Kamon, Sistem Emblem Unik ala Jepang

Kamon, istilah Jepang yang satu ini pasti terdengar sangat asing di telinga tetapi secara tidak sadar kamu pasti sering menjumpai  yang namanya Kamon ini.

Istilah "Kamon" sendiri secara umum mengacu pada lambang yang digunakan di Jepang untuk menunjukkan asal-usul seseorang; yaitu, silsilah keluarga, garis keturunan, asal usul nenek moyang, dan status keluarga seseorang dari zaman kuno. 

Di Jepang, ada lebih dari 20.000 Kamon yang berbeda dan sering disebut sebagai “Emblem Keluarga” yang hanya dapat kita temukan di Jepang dan satu-satunya di Asia dalam hal budaya.

Dapat dikatakan bahwa Kamon adalah salah satu contoh budaya kuno Jepang yang masih diimplementasikan dalam kehidupan modern hingga saat ini. 


Kamon, Sistem Emblem Unik ala Jepang
Oda Nobuga dan Kamon Keluarga Oda


Asal-Usul Kamon


Kamon sudah ada sejak akhir Zaman Heian yaitu sekitar tahun 1180-an (abad ke-12).

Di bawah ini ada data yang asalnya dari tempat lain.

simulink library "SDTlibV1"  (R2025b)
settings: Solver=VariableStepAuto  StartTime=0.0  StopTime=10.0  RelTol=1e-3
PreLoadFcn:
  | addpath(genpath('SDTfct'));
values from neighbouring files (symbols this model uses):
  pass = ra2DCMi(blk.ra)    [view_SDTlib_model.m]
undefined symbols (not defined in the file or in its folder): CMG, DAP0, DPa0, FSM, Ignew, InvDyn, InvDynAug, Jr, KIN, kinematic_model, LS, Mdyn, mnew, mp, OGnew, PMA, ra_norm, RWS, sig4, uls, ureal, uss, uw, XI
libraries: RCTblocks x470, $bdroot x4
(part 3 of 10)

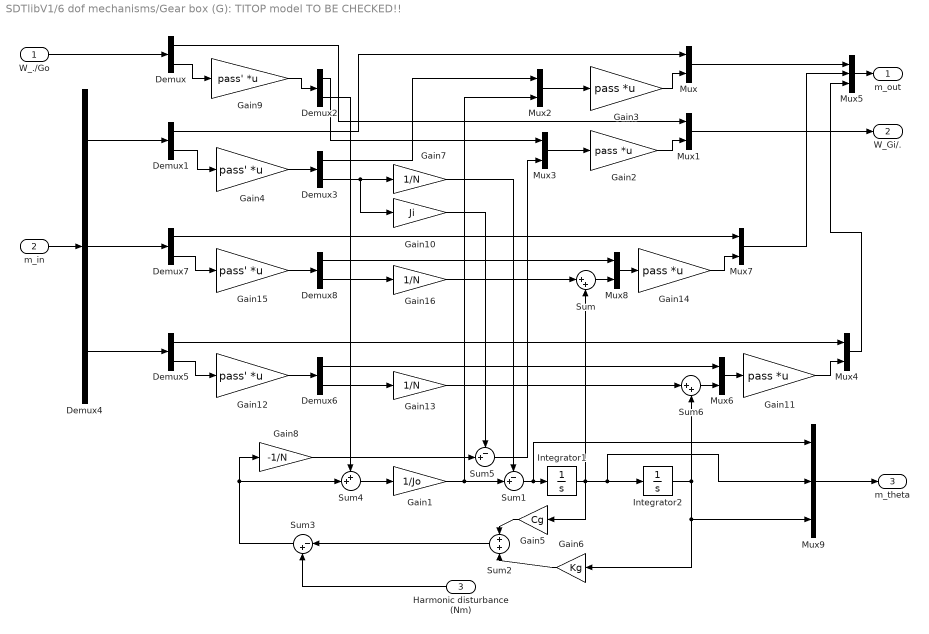
== system SDTlibV1/6 dof mechanisms/Gear box (G): TITOP model TO BE CHECKED!! ==
  W_./Go : Inport  PortDimensions=6
  m_in : Inport  Port=2  PortDimensions=18
  Harmonic disturbance (Nm) : Inport  Port=3
  Demux{,1,5,7} (4 alike) : Demux  Outputs=[3 3]
  Demux{2..3,6,8} (4 alike) : Demux  Outputs=[2 1]
  Demux4 : Demux  Outputs=[6 6 6]
  Gain1 : Gain  Gain=1/Jo
  Gain10 : Gain  Gain=Ji
  Gain{2..3,11,14} (4 alike) : Gain  Gain=pass  Multiplication=Matrix(K*u) (u vector)
  Gain{4,9,12,15} (4 alike) : Gain  Gain=pass'  Multiplication=Matrix(K*u) (u vector)
  Gain13 : Gain  Gain=1/N
  Gain16 : Gain  Gain=1/N
  Gain5 : Gain  Gain=Cg
  Gain6 : Gain  Gain=Kg
  Gain7 : Gain  Gain=1/N
  Gain8 : Gain  Gain=-1/N
  Integrator1 : Integrator
  Integrator2 : Integrator
  Mux{,1,4,7} (4 alike) : Mux  Inputs=[3 3]
  Mux{2..3,6,8} (4 alike) : Mux  Inputs=[2 1]
  Mux5 : Mux  Inputs=[6 6 6]
  Mux9 : Mux  Inputs=3
  Sum : Sum  Inputs=|++
  Sum1 : Sum  Inputs=-+|
  Sum2 : Sum
  Sum3 : Sum  Inputs=|-+
  Sum4 : Sum  Inputs=++|
  Sum5 : Sum  Inputs=-+|
  Sum6 : Sum  Inputs=|++
  m_out : Outport
  W_Gi/. : Outport  Port=2
  m_theta : Outport  Port=3
  wires:
  Mux1/1 -> W_Gi/./1
  Demux1/1 -> Mux/1
  Sum3/1 -> Sum4/2, Gain8/1
  Demux/1 -> Mux1/1
  Gain2/1 -> Mux1/2
  Integrator2/1 -> Mux9/3, Gain6/1, Sum6/2
  Demux/2 -> Gain9/1
  Gain1/1 -> Mux2/2, Sum1/2
  Sum2/1 -> Sum3/1
  Sum4/1 -> Gain1/1
  Gain5/1 -> Sum2/1
  Harmonic disturbance (Nm)/1 -> Sum3/2
  Gain6/1 -> Sum2/2
  Gain3/1 -> Mux/2
  Demux3/2 -> Gain10/1, Gain7/1
  Gain9/1 -> Demux2/1
  Demux2/2 -> Sum4/1
  Mux2/1 -> Gain3/1
  Demux1/2 -> Gain4/1
  Gain4/1 -> Demux3/1
  Mux3/1 -> Gain2/1
  Demux2/1 -> Mux3/1
  Demux3/1 -> Mux2/1
  W_./Go/1 -> Demux/1
  Gain7/1 -> Sum1/1
  Gain8/1 -> Sum5/2
  Sum5/1 -> Mux3/2
  Gain10/1 -> Sum5/1
  Demux4/1 -> Demux1/1
  m_in/1 -> Demux4/1
  Mux/1 -> Mux5/1
  Mux5/1 -> m_out/1
  Integrator1/1 -> Mux9/2, Integrator2/1, Gain5/1, Sum/2
  Demux8/1 -> Mux8/1
  Gain15/1 -> Demux8/1
  Gain14/1 -> Mux7/2
  Demux8/2 -> Gain16/1
  Demux4/2 -> Demux7/1
  Demux7/1 -> Mux7/1
  Demux7/2 -> Gain15/1
  Mux8/1 -> Gain14/1
  Gain16/1 -> Sum/1
  Mux7/1 -> Mux5/2
  Sum/1 -> Mux8/2
  Demux5/2 -> Gain12/1
  Demux6/1 -> Mux6/1
  Mux6/1 -> Gain11/1
  Demux5/1 -> Mux4/1
  Gain11/1 -> Mux4/2
  Gain13/1 -> Sum6/1
  Sum6/1 -> Mux6/2
  Gain12/1 -> Demux6/1
  Demux6/2 -> Gain13/1
  Demux4/3 -> Demux5/1
  Mux4/1 -> Mux5/3
  Mux9/1 -> m_theta/1
  Sum1/1 -> Mux9/1, Integrator1/1

== system SDTlibV1/6 dof mechanisms/Local Spring-Damper system  ==
  m_C : Inport  PortDimensions=18
  m_P : Inport  Port=2  PortDimensions=18
  Damping Matrix : RCTblocks/Uncertain State Space  Tag=USS  USystem=ss(D_O)  UValue=[]  X0=[]  uX0=[]
  Damping Matrix1 : RCTblocks/Uncertain State Space  Tag=USS  USystem=ss(K_O)  UValue=[]  X0=[]  uX0=[]
  Demux : Demux  Outputs=[6 6 6]
  Demux1 : Demux  Outputs=[6 6 6]
  Kinematic model between O and C : RCTblocks/Uncertain State Space  Tag=USS  USystem=ss(TAU_OC)  UValue=[]  X0=[]  uX0=[]
  Kinematic model between O and C' : RCTblocks/Uncertain State Space  Tag=USS  USystem=ss(TAU_OC')  UValue=[]  X0=[]  uX0=[]
  Kinematic model between O and C1 : RCTblocks/Uncertain State Space  Tag=USS  USystem=ss(TAU_OC)  UValue=[]  X0=[]  uX0=[]
  Kinematic model between O and P : RCTblocks/Uncertain State Space  Tag=USS  USystem=ss(TAU_OP)  UValue=[]  X0=[]  uX0=[]
  Kinematic model between O and P' : RCTblocks/Uncertain State Space  Tag=USS  USystem=ss(TAU_OP')  UValue=[]  X0=[]  uX0=[]
  Kinematic model between O and P1 : RCTblocks/Uncertain State Space  Tag=USS  USystem=ss(TAU_OP)  UValue=[]  X0=[]  uX0=[]
  Sum : Sum  Inputs=|+-
  Sum1 : Sum  Inputs=++|
  Sum2 : Sum  Inputs=|+-
  Terminator : Terminator
  Terminator1 : Terminator
  W(./s,C) : Outport  VectorParamsAs1DForOutWhenUnconnected=off
  W(s/.,P) : Outport  Port=2  VectorParamsAs1DForOutWhenUnconnected=off
  wires:
  Kinematic model between O and C'/1 -> W(./s,C)/1
  Kinematic model between O and P'/1 -> W(s/.,P)/1
  Sum/1 -> Damping Matrix/1
  Kinematic model between O and C/1 -> Sum/1
  Kinematic model between O and P/1 -> Sum/2
  Damping Matrix/1 -> Sum1/2
  Damping Matrix1/1 -> Sum1/1
  Sum2/1 -> Damping Matrix1/1
  Sum1/1 -> Kinematic model between O and C'/1, Kinematic model between O and P'/1
  m_P/1 -> Demux/1
  Demux/2 -> Kinematic model between O and P/1
  Demux/1 -> Terminator/1
  m_C/1 -> Demux1/1
  Demux1/1 -> Terminator1/1
  Demux1/2 -> Kinematic model between O and C/1
  Demux1/3 -> Kinematic model between O and C1/1
  Demux/3 -> Kinematic model between O and P1/1
  Kinematic model between O and C1/1 -> Sum2/1
  Kinematic model between O and P1/1 -> Sum2/2

== system SDTlibV1/6 dof mechanisms/PMA ==
  m_P : Inport
  u_PMA : Inport  Port=2
  Demux : Demux  Outputs=[6 12]
  Multi port rigid body : Subsystem  mask(Multi-port rigid body (6nx6n)){m=Mc-mp, Ig=IatG, OG=PG, n=2, numinv=1, OP1=[0;0;0], OP2=PG, OP3=[ureal('P3_y',1,'percent',10);0;0], OP4=[0;0;0], OP5=[0;0;0]}
      mask prompts: m "Mass (Kg)"; Ig "Inertia (at G, Kg m^2)"; OG "OG (3x1 vector, m)"; n "Number of ports"; numinv "Port to be inverted"; OP1 "OP1 (3x1 vector, m)"; OP2 "OP2 (3x1 vector, m)"; OP3 "OP3 (3x1 vector, m)"; OP4 "OP4 (3x1 vector, m)"; OP5 "OP5 (3x1 vector,m)"
      mask help:
      | 6nx6n dynamic model of a rigid body at n given points (ports) between wrenches applied at the n points (input) and acceleration twists at these points (output).
      |
      | 0: the reference point
      | G: the center of mass
      | Pi (i=1:n): the n given connection points (n<6).
      |
      | All parameters are expressed in the body frame.
      | Each parameter can be an uncertain parameter declared with "ureal"
      |
      | The 6x6 channel associated to one port can be inverted: then the input of this channel is the acceleration twist imposed at this point and the output is the wrench applied by this body.
      mask init:
      | MultiPortRigidBodyAug
      mask Help: web('Docmultiportrigidbody.html','-browser','-browser')
      mask TypeOptions n: 1 | 2 | 3 | 4 | 5
      mask TypeOptions numinv: 1 | 2 | 3 | 4 | 5
      mask DialogControl ParameterGroupVar Prompt: Main parameters
      mask DialogControl port1 Prompt: Port #1
      mask DialogControl port2 Prompt: #2
      mask DialogControl port3 Prompt: #3
      mask DialogControl port4 Prompt: #4
      mask DialogControl port5 Prompt: #5
      mask Display:
      | disp('Multi-port\n rigid body\n [18(n-1)+6]x[6(n-1)+18])')
      | if n==1,
      |     if numinv==1,
      |         port_label('input', 1,'m_P')
      |         port_label('output',1,'W_body/.,P')
      |     else
      |         port_label('input', 1,'W_./body,P')
      |         port_label('output',1,'m_P')
      |     end
      | else
      |     for ii=1:n
      |         if numinv==ii,
      |             port_label('output',ii,['W_body/.,P',num2str(ii)])
      |             port_label('input', ii,['m_P',num2str(ii)])
      |         else
      |             port_label('input', ii,['W_./body,P',num2str(ii)])
      |             port_label('output',ii,['m_P',num2str(ii)])
      |         end
      |     end
      | end
  Terminator : Terminator
  proof mass : Subsystem  mask(Mass-spring-model model(6x6)){v=v, m=mp, k=k, d=d}
      mask prompts: v "v (3x1 vector)"; m "mass (Kg)"; k "stiffness (N/m)"; d "damper (Ns/m)"
      mask help:
      | Simplified dynamic model of a spring-mass-damper model located at point P (connection point with the hub):
      | 6x6 transfer between acceleretion twist at P and wrench applied by the spring-mass system at P. The model is expressed in the (inherit) body frame.
      |
      | v: the direction vector of the spring-mass system.
      | Each parameter (except v) can be an uncertain parameter declared with "ureal"
      mask init:
      | pass=ra2DCMi(v);
      mask DialogControl ParameterGroupVar Prompt: Main parameters
      mask Display:
      | disp('1D \n mass-spring-damper \n model(6x6)')
      | port_label('input', 1, 'Xddot')
      | port_label('output', 1, 'W_body/.')
      | port_label('input', 2, 'u_PMA')
      | port_label('output', 2, 'x_PMA')
  W_body/.,P : Outport
  x_PMA : Outport  Port=2
  wires:
  Multi port rigid body/1(out1) -> W_body/.,P/1
  u_PMA/1 -> proof mass/2(u_PMA)
  m_P/1 -> Multi port rigid body/1(in1)
  proof mass/1(W_body/.) -> Multi port rigid body/2(in2)
  proof mass/2(x_PMA) -> x_PMA/1
  Multi port rigid body/2(out2) -> Demux/1
  Demux/1 -> proof mass/1(Xddot)
  Demux/2 -> Terminator/1

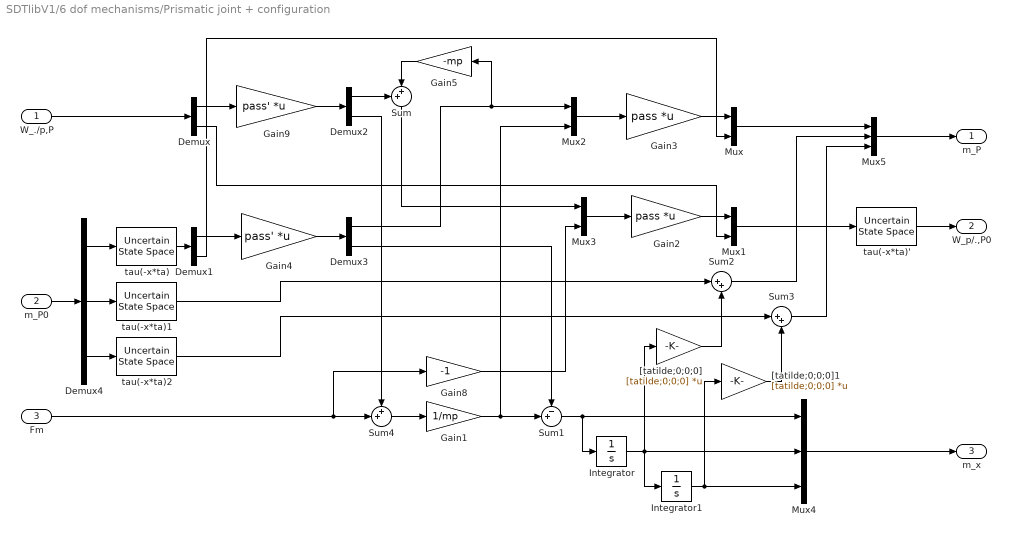
== system SDTlibV1/6 dof mechanisms/Prismatic joint + configuration ==
  W_./p,P : Inport  PortDimensions=6
  m_P0 : Inport  Port=2  PortDimensions=18
  Fm : Inport  Port=3  PortDimensions=1
  Demux : Demux  Outputs=[3 3]
  Demux1 : Demux  Outputs=[3 3]
  Demux2 : Demux  Outputs=[2 1]
  Demux3 : Demux  Outputs=[2 1]
  Demux4 : Demux  Outputs=[6 6 6]
  Gain1 : Gain  Gain=1/mp
  Gain2 : Gain  Gain=pass  Multiplication=Matrix(K*u) (u vector)
  Gain3 : Gain  Gain=pass  Multiplication=Matrix(K*u) (u vector)
  Gain4 : Gain  Gain=pass'  Multiplication=Matrix(K*u) (u vector)
  Gain5 : Gain  Gain=-mp
  Gain8 : Gain  Gain=-1
  Gain9 : Gain  Gain=pass'  Multiplication=Matrix(K*u) (u vector)
  Integrator : Integrator
  Integrator1 : Integrator
  Mux : Mux  Inputs=[3 3]
  Mux1 : Mux  Inputs=[3 3]
  Mux2 : Mux  Inputs=[2 1]
  Mux3 : Mux  Inputs=[2 1]
  Mux4 : Mux  Inputs=3
  Mux5 : Mux  Inputs=[6 6 6]
  Sum : Sum  Inputs=++|
  Sum1 : Sum  Inputs=-+|
  Sum2 : Sum  Inputs=|++
  Sum3 : Sum  Inputs=|++
  Sum4 : Sum  Inputs=++|
  "[tatilde;0;0;0]" : Gain  Gain=[tatilde;0;0;0]  Multiplication=Matrix(K*u) (u vector)
  "[tatilde;0;0;0]1" : Gain  Gain=[tatilde;0;0;0]  Multiplication=Matrix(K*u) (u vector)
  tau(-x*ta) : RCTblocks/Uncertain State Space  Tag=USS  USystem=tau_x  UValue=[]  X0=[]  uX0=[]
  tau(-x*ta)' : RCTblocks/Uncertain State Space  Tag=USS  USystem=tau_x'  UValue=[]  X0=[]  uX0=[]
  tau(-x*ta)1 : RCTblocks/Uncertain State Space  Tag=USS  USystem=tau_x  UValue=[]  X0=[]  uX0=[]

Awalnya Kamon disebut dengan “Mon” atau “Mondokoro” yang berarti “Emblem”.

Sekitar akhir Periode Heian, para bangsawan mulai menempatkan Mon (emblem) mereka sendiri di gerobak atau kendaran mereka waktu itu lalu berkeliling di jalan-jalan pedesaan sambil memamerkan emblem mereka.

Setelah itu, Kamon menjadi populer di kalangan bawah lalu terciptalah berbagai Mon yang akhirnya disebut sebagai Kamon (emblem keluarga).

Lambat laun, setiap keluarga samurai waktu ini memiliki Kamon mereka masing-masing dan menjadi identitas mereka waktu itu.

Sampai pada zaman Sengoku (Sengoku Jidai) yaitu zaman yang digunakan pada latar situasi di game Samurai Warrior.

Kamon, Sistem Emblem Unik ala Jepang

Pada game tersebut dan game sejenis, setiap klan memiliki logonya masing-masing dan logo inilah yang disebut dengan Kamon.

Kamon secara umum tidak ada batasan penggunaan, kecuali menggunakan Kamon keluarga lain karena hal ini tentu dapat menyebabkan konflik antar keluarga atau klan atau kelompok tertentu.

Terutama menggunakan Kamon dari kelas yang lebih tinggi, seperti Daimyo (penguasa feodal Jepang) atau Shogun yang dapat menciptakan lebih banyak gesekan sampai menyebabkan perang.

Oleh karena itu, ada aturan tak tertulis terkait menghindari penggunaan Kamon yang sudah digunakan oleh klan atau keluarga kelas atas.

Kamon di Era Modern


1. Setiap Orang Jepang Memiliki "Kamon" Tersendiri

Hampir semua keluarga Jepang modern memiliki lambang Kamon mereka sendiri. 

Kadang-kadang ketika penggunaan Kamon diperlukan, seseorang dapat mencoba mencari di silsilah keluarga mereka atau di kuil desa asal mereka yang tentunya memiliki daftar atau pakar silsilah tersendiri. 

Kamon, Sistem Emblem Unik ala Jepang


Selain itu, di Jepang banyak situs web menawarkan layanan pencarian Kamon.


2. Kamon Bisa Ditemukan Di Mana-Mana Di Jepang

Kamon dapat ditemukan di toko-toko yang bergerak di bidang kerajinan dan spesialisasi tradisional. 

Selain itu, perusahaan besar seperti "Mitsubishi" , logo perusahaannya berasal dari Kamon. 

Kamon, Sistem Emblem Unik ala Jepang

Lalu untuk desain Kamon sering kali menghiasi produk sake, tahu, dan kemasan lain untuk produk makanan agar memberikan kesan elegan, halus, dan unik. 

Tidak hanya itu, pada passport orang Jepang pun terdapat Kamon pada cover passport tersebut.

Kamon, Sistem Emblem Unik ala Jepang



3. Kamon Menunjukkan Kehormatan dan Kebanggaan Seseorang.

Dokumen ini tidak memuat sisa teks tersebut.